Complex formulation strategies to overcome the delivery hurdles of lapatinib in metastatic breast cancer

Abstract

Breast cancer (BC) is the most prevalent cause of death in women due to cancer worldwide. In 2020, globally, almost 3 million new cases of BC were recognized out of which approximately 684,900 BC-associated deaths were reported due to consequences of metastatic BC (MBC). For its efficient treatment lapatinib (LTN), a dual receptor tyrosine kinase inhibitor (TKI) combination with capecitabine was approved by USFDA. It is a Biopharmaceutical Classification System (BCS) class II drug with water solubility of (0.0223 mg/mL) and exhibits a positive food effect (2.67–4.25-fold). The lower aqueous solubility of LTN restricts its dissolution in a gastrointestinal fluid resulting in variable absorption and poor bioavailability. Furthermore, 99% of LTN binds to plasma proteins resulting in minimal accessibility of free LTN at the cancer site. Hence, a large daily dose of LTN is required to be prescribed.

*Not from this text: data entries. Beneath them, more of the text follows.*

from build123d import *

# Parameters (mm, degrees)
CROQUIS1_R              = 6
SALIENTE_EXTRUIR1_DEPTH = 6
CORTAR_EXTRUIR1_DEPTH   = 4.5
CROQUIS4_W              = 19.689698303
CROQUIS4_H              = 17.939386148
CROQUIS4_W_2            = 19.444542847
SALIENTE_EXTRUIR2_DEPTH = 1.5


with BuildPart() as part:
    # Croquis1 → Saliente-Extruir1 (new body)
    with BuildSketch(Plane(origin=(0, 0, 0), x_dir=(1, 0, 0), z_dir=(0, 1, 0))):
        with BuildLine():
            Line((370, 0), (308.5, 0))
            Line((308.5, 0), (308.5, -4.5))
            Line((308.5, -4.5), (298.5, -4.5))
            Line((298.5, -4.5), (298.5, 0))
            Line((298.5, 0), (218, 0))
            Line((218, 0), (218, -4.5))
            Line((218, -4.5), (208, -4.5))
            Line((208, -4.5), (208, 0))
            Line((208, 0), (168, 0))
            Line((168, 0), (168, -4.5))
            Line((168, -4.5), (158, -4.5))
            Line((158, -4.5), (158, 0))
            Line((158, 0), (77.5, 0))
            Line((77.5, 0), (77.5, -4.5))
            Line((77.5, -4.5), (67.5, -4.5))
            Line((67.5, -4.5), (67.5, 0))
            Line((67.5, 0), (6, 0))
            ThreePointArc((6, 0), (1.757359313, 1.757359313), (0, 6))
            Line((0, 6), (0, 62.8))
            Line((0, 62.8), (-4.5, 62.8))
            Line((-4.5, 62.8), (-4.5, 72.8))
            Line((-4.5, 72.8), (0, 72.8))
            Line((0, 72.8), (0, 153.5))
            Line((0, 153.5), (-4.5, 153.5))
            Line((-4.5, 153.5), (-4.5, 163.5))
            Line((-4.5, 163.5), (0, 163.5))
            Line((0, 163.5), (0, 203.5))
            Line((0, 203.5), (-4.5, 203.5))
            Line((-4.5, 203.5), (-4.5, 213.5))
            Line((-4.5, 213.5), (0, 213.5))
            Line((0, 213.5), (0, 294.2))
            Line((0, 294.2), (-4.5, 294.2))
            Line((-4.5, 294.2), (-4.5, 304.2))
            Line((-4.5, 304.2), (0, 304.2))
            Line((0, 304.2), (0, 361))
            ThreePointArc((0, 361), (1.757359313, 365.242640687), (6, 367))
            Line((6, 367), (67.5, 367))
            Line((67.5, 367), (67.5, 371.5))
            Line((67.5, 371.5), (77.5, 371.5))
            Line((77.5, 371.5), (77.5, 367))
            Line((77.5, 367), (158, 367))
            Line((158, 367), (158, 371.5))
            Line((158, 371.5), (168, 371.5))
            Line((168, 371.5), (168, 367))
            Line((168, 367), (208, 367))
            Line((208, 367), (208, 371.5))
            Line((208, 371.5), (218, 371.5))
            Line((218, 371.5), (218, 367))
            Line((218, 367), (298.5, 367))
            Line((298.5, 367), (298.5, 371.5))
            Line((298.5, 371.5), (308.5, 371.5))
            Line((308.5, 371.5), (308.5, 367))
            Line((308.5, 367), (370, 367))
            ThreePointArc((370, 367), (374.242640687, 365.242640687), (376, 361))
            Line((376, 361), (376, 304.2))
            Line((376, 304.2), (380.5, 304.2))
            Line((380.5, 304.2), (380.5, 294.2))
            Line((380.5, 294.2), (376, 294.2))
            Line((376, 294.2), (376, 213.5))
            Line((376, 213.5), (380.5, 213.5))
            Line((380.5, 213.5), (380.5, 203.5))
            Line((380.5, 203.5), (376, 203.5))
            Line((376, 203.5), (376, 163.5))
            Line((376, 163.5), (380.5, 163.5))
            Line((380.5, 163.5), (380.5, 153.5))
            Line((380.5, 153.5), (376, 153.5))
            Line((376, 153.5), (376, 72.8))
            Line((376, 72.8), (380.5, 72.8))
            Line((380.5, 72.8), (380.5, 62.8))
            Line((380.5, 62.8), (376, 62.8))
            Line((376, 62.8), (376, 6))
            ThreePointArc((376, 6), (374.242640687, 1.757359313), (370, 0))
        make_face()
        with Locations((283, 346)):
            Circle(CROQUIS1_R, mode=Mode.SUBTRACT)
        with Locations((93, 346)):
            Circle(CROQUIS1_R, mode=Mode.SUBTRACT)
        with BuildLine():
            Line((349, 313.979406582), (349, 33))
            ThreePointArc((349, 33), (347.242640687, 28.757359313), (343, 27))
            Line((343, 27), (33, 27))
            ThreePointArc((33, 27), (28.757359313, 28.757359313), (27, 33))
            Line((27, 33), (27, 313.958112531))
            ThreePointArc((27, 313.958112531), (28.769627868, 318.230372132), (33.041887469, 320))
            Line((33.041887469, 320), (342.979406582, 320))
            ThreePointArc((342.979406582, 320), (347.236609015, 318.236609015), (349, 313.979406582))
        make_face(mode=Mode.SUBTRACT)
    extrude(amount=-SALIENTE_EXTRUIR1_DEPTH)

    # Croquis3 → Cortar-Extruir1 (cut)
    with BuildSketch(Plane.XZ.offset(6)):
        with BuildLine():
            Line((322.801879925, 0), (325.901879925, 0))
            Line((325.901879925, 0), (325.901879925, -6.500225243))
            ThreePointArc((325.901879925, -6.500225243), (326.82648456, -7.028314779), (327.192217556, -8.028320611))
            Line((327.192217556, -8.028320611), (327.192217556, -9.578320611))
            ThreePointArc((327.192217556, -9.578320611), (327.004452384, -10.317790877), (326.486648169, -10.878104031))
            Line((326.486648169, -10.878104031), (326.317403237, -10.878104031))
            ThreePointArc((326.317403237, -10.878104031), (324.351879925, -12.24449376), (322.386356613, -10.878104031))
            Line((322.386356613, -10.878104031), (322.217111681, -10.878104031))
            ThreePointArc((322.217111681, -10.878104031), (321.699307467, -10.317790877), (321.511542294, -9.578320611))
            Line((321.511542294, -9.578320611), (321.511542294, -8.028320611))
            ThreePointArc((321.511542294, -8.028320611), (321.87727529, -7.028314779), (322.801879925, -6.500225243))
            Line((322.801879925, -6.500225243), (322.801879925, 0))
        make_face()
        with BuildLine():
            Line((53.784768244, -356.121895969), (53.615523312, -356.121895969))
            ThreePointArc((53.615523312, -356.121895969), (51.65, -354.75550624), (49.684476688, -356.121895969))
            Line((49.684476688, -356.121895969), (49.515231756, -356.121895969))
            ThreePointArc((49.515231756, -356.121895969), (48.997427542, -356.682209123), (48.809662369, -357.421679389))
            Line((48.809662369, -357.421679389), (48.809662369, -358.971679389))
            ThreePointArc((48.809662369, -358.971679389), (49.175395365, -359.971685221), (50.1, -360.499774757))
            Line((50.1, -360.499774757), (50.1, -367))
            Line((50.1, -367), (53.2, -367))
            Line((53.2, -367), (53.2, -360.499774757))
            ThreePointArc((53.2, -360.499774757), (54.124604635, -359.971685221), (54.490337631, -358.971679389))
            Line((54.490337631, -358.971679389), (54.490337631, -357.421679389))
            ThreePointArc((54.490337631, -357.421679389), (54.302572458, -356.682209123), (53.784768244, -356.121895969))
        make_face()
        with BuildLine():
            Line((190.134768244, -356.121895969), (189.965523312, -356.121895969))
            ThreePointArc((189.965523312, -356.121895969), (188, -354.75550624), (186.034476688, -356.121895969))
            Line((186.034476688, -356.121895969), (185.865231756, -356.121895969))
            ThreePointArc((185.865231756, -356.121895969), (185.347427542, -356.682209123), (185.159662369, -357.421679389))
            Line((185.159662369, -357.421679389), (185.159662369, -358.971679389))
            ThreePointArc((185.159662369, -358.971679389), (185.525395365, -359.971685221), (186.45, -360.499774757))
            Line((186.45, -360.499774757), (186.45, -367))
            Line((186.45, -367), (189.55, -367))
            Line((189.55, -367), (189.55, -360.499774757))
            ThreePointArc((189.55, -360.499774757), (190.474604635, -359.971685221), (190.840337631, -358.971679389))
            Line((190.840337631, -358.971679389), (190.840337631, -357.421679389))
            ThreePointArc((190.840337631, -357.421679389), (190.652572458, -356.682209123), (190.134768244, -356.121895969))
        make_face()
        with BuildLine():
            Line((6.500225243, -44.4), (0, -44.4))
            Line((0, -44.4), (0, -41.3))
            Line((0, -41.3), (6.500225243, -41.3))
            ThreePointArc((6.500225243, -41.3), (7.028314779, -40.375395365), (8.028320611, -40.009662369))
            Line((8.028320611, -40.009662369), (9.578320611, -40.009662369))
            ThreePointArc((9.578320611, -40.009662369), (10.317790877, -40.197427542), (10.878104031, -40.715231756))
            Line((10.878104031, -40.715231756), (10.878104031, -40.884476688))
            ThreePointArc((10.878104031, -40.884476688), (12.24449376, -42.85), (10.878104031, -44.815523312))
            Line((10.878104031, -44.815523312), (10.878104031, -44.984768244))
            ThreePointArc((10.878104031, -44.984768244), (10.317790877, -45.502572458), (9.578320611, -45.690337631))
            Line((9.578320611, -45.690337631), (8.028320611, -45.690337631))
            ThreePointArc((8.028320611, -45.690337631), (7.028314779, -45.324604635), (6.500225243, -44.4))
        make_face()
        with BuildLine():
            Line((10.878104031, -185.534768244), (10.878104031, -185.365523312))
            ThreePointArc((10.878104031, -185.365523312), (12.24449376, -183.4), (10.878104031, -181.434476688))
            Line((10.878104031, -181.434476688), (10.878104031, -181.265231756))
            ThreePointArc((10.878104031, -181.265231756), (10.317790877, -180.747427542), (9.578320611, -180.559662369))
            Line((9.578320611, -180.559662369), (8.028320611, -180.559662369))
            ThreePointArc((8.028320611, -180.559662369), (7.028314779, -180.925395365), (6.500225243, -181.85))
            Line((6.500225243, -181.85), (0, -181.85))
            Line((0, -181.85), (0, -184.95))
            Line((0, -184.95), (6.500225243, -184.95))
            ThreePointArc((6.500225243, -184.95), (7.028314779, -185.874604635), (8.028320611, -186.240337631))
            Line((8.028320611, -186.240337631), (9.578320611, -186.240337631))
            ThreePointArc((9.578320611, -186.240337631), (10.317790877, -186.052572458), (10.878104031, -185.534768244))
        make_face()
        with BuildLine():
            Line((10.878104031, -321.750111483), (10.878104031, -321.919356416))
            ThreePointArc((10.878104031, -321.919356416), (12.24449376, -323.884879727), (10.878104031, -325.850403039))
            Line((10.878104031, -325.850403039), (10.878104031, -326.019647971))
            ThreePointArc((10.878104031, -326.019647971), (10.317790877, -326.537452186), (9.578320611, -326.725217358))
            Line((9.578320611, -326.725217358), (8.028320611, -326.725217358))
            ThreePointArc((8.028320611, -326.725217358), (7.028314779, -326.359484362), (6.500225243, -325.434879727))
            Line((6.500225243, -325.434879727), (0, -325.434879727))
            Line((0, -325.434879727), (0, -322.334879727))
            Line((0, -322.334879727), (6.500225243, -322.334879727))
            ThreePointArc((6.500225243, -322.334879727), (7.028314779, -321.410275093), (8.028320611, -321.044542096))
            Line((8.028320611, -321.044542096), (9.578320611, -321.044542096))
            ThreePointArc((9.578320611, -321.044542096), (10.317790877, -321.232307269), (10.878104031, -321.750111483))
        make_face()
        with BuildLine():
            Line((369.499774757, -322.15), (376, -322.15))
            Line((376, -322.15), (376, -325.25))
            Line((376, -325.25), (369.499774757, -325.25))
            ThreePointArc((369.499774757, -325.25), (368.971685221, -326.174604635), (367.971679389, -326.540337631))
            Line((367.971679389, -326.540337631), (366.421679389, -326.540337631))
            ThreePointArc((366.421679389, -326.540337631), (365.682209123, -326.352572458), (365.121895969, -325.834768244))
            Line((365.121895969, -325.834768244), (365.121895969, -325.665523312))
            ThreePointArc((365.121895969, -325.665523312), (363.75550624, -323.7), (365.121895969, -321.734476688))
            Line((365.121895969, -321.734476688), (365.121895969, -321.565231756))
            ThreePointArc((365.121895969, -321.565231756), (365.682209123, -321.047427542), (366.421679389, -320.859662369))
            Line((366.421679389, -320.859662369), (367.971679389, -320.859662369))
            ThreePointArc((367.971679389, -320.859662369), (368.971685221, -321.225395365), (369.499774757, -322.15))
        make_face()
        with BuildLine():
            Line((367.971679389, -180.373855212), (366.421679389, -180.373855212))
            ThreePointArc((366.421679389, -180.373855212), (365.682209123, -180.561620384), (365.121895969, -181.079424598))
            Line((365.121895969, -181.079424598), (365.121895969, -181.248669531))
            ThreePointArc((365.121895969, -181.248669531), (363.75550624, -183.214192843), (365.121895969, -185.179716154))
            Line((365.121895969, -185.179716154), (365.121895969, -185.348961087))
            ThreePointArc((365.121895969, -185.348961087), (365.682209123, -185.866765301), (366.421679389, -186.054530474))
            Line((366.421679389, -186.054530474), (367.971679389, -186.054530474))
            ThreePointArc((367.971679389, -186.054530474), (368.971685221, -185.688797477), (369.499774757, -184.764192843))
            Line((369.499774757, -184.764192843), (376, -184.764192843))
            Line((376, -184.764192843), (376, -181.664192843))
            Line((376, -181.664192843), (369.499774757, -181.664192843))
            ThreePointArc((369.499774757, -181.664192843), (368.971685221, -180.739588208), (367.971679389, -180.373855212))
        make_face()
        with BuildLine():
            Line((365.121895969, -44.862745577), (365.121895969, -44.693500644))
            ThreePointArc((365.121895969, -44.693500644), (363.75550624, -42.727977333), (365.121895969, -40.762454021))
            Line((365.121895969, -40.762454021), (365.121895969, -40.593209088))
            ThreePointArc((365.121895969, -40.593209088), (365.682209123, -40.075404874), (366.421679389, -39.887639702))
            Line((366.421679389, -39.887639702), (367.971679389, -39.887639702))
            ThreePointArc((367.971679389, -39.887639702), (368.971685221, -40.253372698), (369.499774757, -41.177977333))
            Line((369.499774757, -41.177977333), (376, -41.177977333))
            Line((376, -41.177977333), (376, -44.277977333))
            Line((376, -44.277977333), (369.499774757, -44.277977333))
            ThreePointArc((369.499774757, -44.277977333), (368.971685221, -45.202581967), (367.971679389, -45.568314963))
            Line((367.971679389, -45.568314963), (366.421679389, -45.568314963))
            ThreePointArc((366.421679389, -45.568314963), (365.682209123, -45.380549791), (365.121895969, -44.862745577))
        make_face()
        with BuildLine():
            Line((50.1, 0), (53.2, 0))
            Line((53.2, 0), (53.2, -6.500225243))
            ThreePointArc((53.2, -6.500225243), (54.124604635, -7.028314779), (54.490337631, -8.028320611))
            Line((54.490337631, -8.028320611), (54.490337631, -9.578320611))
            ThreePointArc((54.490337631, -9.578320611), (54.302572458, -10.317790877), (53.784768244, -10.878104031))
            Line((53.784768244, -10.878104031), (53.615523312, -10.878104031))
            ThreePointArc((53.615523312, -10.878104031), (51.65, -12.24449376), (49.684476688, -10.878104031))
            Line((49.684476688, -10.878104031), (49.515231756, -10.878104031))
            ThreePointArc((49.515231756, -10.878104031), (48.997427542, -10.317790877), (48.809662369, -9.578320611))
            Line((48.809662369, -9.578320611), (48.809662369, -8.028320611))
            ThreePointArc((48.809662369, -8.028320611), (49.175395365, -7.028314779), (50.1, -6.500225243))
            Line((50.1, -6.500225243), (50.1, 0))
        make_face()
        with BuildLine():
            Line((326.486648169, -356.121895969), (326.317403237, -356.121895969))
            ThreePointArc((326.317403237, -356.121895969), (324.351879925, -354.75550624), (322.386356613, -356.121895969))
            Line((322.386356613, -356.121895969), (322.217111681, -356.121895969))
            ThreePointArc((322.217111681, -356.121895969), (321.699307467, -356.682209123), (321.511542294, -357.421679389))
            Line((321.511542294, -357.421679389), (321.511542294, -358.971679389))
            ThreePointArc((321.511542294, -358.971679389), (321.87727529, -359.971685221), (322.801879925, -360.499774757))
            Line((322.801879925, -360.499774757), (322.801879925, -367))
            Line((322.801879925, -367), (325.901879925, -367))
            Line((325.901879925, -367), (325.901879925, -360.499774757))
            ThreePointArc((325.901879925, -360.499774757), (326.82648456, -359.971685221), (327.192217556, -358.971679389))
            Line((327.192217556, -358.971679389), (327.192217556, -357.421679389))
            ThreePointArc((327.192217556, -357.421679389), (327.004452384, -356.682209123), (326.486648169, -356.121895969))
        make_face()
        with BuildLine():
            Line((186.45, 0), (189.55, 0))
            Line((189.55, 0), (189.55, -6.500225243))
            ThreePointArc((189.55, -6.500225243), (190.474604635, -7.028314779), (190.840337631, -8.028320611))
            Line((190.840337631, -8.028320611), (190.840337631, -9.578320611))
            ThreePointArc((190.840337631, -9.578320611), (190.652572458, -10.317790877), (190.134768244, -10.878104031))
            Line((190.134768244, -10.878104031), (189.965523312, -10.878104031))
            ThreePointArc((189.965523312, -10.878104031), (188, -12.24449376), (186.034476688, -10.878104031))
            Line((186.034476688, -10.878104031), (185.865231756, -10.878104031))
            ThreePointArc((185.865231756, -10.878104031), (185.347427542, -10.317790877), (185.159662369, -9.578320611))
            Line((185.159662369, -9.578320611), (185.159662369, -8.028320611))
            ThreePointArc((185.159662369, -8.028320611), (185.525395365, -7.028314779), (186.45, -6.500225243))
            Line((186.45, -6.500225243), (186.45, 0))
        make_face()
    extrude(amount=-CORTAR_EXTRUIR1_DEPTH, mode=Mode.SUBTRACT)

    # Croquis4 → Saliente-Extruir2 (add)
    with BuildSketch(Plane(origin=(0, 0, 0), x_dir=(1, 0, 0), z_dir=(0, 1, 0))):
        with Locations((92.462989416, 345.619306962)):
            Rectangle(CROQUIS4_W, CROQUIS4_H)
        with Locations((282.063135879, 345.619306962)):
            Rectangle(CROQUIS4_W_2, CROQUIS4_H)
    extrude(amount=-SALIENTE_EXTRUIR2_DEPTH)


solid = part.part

The patent expiry on the innovated product in 2021 has fuelled up the need to develop complex delivery system to overcome the biopharmaceutical hurdles of the drug. The present review critically analyses the various intrinsic fundamental properties of drug molecule that should be taken into consideration while designing a complex delivery system for LTN and the such several formulation approaches reported in literature so far to enhance the pharmacokinetic and pharmacodynamic properties of LTN. This review also discusses the various combinational approaches reported with LTN to overcome the hurdles related to the drug. It also covers various recent ongoing clinical trials on LTN and to provide new perspectives for the development of complex formulations.